There is one really bad consequence of the oversimplified failover
design that Simon proposes, which is that clients might try to fail
over for reasons other than a primary server failure. (Think network
partition.) You really want any such behavior to be managed
centrally, IMHO.

Then, what about having pgbouncer capability into -core. This would
probably mean, AFAIUI, than the listen()ing process would no longer
be postmaster but a specialized one,

Huh? The problem case is that the primary server goes down, which would
certainly mean that a pgbouncer instance on the same machine goes with
it. So it seems to me that integrating pgbouncer is 100% backwards.

Failover that actually works is not something we can provide with
trivial changes to Postgres. It's really a major project in its
own right: you need heartbeat detection, STONITH capability,
IP address redirection, etc. I think we should be recommending
external failover-management project(s) instead of offering a
half-baked home-grown solution. Searching freshmeat for "failover"
finds plenty of potential candidates, but not having used any of
them I'm not sure which are worth closer investigation.

regards, tom lane

#9Josh Berkus
josh@agliodbs.com
In reply to: Tom Lane (#8)
Re: Automatic Client Failover

Tom,

Failover that actually works is not something we can provide with
trivial changes to Postgres.

I think the proposal was for an extremely simple "works 75% of the time"
failover solution. While I can see the attraction of that, the
consequences of having failover *not* work are pretty severe.

On the other hand, we will need to deal with this for the built-in
replication project.

--
--Josh

Josh Berkus
PostgreSQL
San Francisco

#10daveg
daveg@sonic.net
In reply to: Jonah H. Harris (#2)
Re: Automatic Client Failover

On Mon, Aug 04, 2008 at 05:17:59PM -0400, Jonah H. Harris wrote:

On Mon, Aug 4, 2008 at 5:08 PM, Simon Riggs <simon@2ndquadrant.com> wrote:

When primary server fails, it would be good if the clients connected to
the primary knew to reconnect to the standby servers automatically.

This would be a nice feature which many people I've talked to have
asked for. In Oracle-land, it's called Transparent Application
Failover (TAF) and it gives you a lot of options, including the
ability to write your own callbacks when a failover is detected.

This might be better done as part of a proxy server, eg pgbouncer, pgpool
than as part of postgresql or libpq.
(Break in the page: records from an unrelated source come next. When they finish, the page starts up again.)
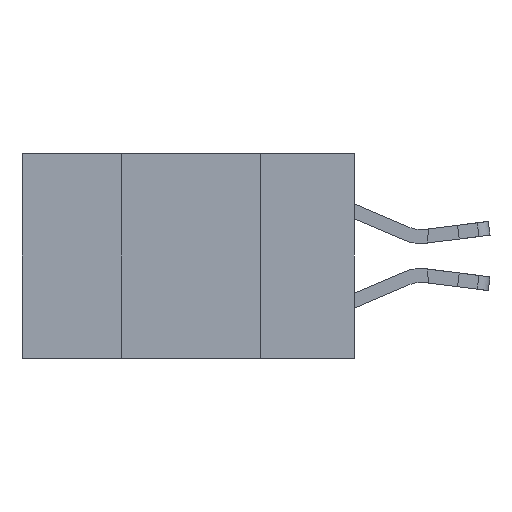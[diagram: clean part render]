
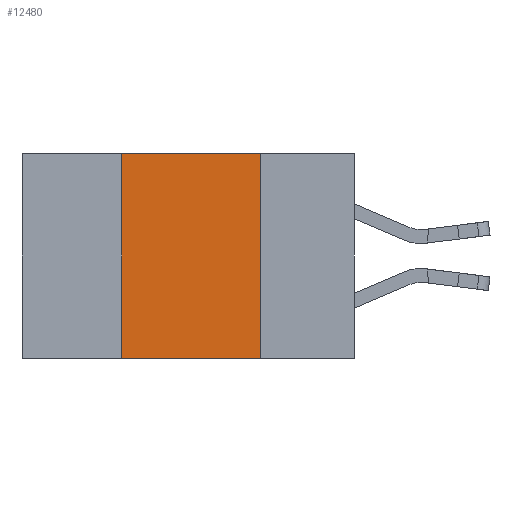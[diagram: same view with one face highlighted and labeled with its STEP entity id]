
A CAD part, left-side view. The second image highlights one B-rep face of the part: STEP entity #12480.
In plain terms, the highlighted planar face has unit normal (-1, 0, 0).
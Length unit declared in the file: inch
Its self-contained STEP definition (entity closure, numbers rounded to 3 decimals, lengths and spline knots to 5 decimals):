
#124 = AXIS2_PLACEMENT_3D ( 'NONE', #4653, #16937, #1038 ) ;
#1038 = DIRECTION ( 'NONE',  ( 0., 0., -1. ) ) ;
#1723 = DIRECTION ( 'NONE',  ( 0., 0., -1. ) ) ;
#1782 = EDGE_CURVE ( 'NONE', #12212, #19139, #4693, .T. ) ;
#2787 = FACE_OUTER_BOUND ( 'NONE', #16502, .T. ) ;
#3243 = EDGE_CURVE ( 'NONE', #19139, #20557, #4596, .T. ) ;
#4000 = VECTOR ( 'NONE', #11563, 39.37008 ) ;
#4196 = VECTOR ( 'NONE', #1723, 39.37008 ) ;
#4596 = LINE ( 'NONE', #18390, #4000 ) ;
#4653 = CARTESIAN_POINT ( 'NONE',  ( 0., 0.6, 0. ) ) ;
#4693 = LINE ( 'NONE', #17074, #16544 ) ;
#8378 = LINE ( 'NONE', #15201, #15051 ) ;
#8707 = LINE ( 'NONE', #11931, #4196 ) ;
#9292 = CARTESIAN_POINT ( 'NONE',  ( 0., 0.42, -0.37 ) ) ;
#9876 = PLANE ( 'NONE',  #124 ) ;
#10082 = CARTESIAN_POINT ( 'NONE',  ( 0., 0.17, 0. ) ) ;
#10218 = ORIENTED_EDGE ( 'NONE', *, *, #18933, .F. ) ;
#11563 = DIRECTION ( 'NONE',  ( 0., -1., 0. ) ) ;
#11713 = ORIENTED_EDGE ( 'NONE', *, *, #1782, .F. ) ;
#11931 = CARTESIAN_POINT ( 'NONE',  ( 0., 0.17, -0.37 ) ) ;
#12212 = VERTEX_POINT ( 'NONE', #9292 ) ;
#12480 = ADVANCED_FACE ( 'NONE', ( #2787 ), #9876, .F. ) ;
#13503 = ORIENTED_EDGE ( 'NONE', *, *, #15113, .T. ) ;
#15051 = VECTOR ( 'NONE', #19152, 39.37008 ) ;
#15113 = EDGE_CURVE ( 'NONE', #12212, #18663, #8378, .T. ) ;
#15201 = CARTESIAN_POINT ( 'NONE',  ( 0., 0.6, -0.37 ) ) ;
#16502 = EDGE_LOOP ( 'NONE', ( #10218, #22784, #11713, #13503 ) ) ;
#16544 = VECTOR ( 'NONE', #16861, 39.37008 ) ;
#16861 = DIRECTION ( 'NONE',  ( 0., 0., 1. ) ) ;
#16937 = DIRECTION ( 'NONE',  ( 1., 0., 0. ) ) ;
#17074 = CARTESIAN_POINT ( 'NONE',  ( 0., 0.42, -0.37 ) ) ;
#17216 = CARTESIAN_POINT ( 'NONE',  ( 0., 0.42, 0. ) ) ;
#18390 = CARTESIAN_POINT ( 'NONE',  ( 0., 0.6, 0. ) ) ;
#18663 = VERTEX_POINT ( 'NONE', #20518 ) ;
#18933 = EDGE_CURVE ( 'NONE', #20557, #18663, #8707, .T. ) ;
#19139 = VERTEX_POINT ( 'NONE', #17216 ) ;
#19152 = DIRECTION ( 'NONE',  ( 0., -1., 0. ) ) ;
#20518 = CARTESIAN_POINT ( 'NONE',  ( 0., 0.17, -0.37 ) ) ;
#20557 = VERTEX_POINT ( 'NONE', #10082 ) ;
#22784 = ORIENTED_EDGE ( 'NONE', *, *, #3243, .F. ) ;

I like the concept, but the logic to
determine when a failover has occurred is complex and a client will often
not have access to enough information to make this determination accurately.

postgresql could have hooks to support this though, ie to determine when a
standby thinks it has become the master.

-dg

--
David Gould daveg@sonic.net 510 536 1443 510 282 0869
If simplicity worked, the world would be overrun with insects.

#11Tom Lane
tgl@sss.pgh.pa.us
In reply to: Josh Berkus (#9)
Re: Automatic Client Failover

Josh Berkus <josh@agliodbs.com> writes:

I think the proposal was for an extremely simple "works 75% of the time"
failover solution. While I can see the attraction of that, the
consequences of having failover *not* work are pretty severe.

Exactly. The point of failover (or any other HA feature) is to get
several nines worth of reliability. "It usually works" is simply
not playing in the right league.

On the other hand, we will need to deal with this for the built-in
replication project.

Nope, that's orthogonal. A failover solution depends on having a master
and a slave database, but it has nothing directly to do with how those
DBs are synchronized.

regards, tom lane

#12Simon Riggs
simon@2ndQuadrant.com
In reply to: Tom Lane (#11)
Re: Automatic Client Failover

On Mon, 2008-08-04 at 22:56 -0400, Tom Lane wrote:

Josh Berkus <josh@agliodbs.com> writes:

I think the proposal was for an extremely simple "works 75% of the time"
failover solution. While I can see the attraction of that, the
consequences of having failover *not* work are pretty severe.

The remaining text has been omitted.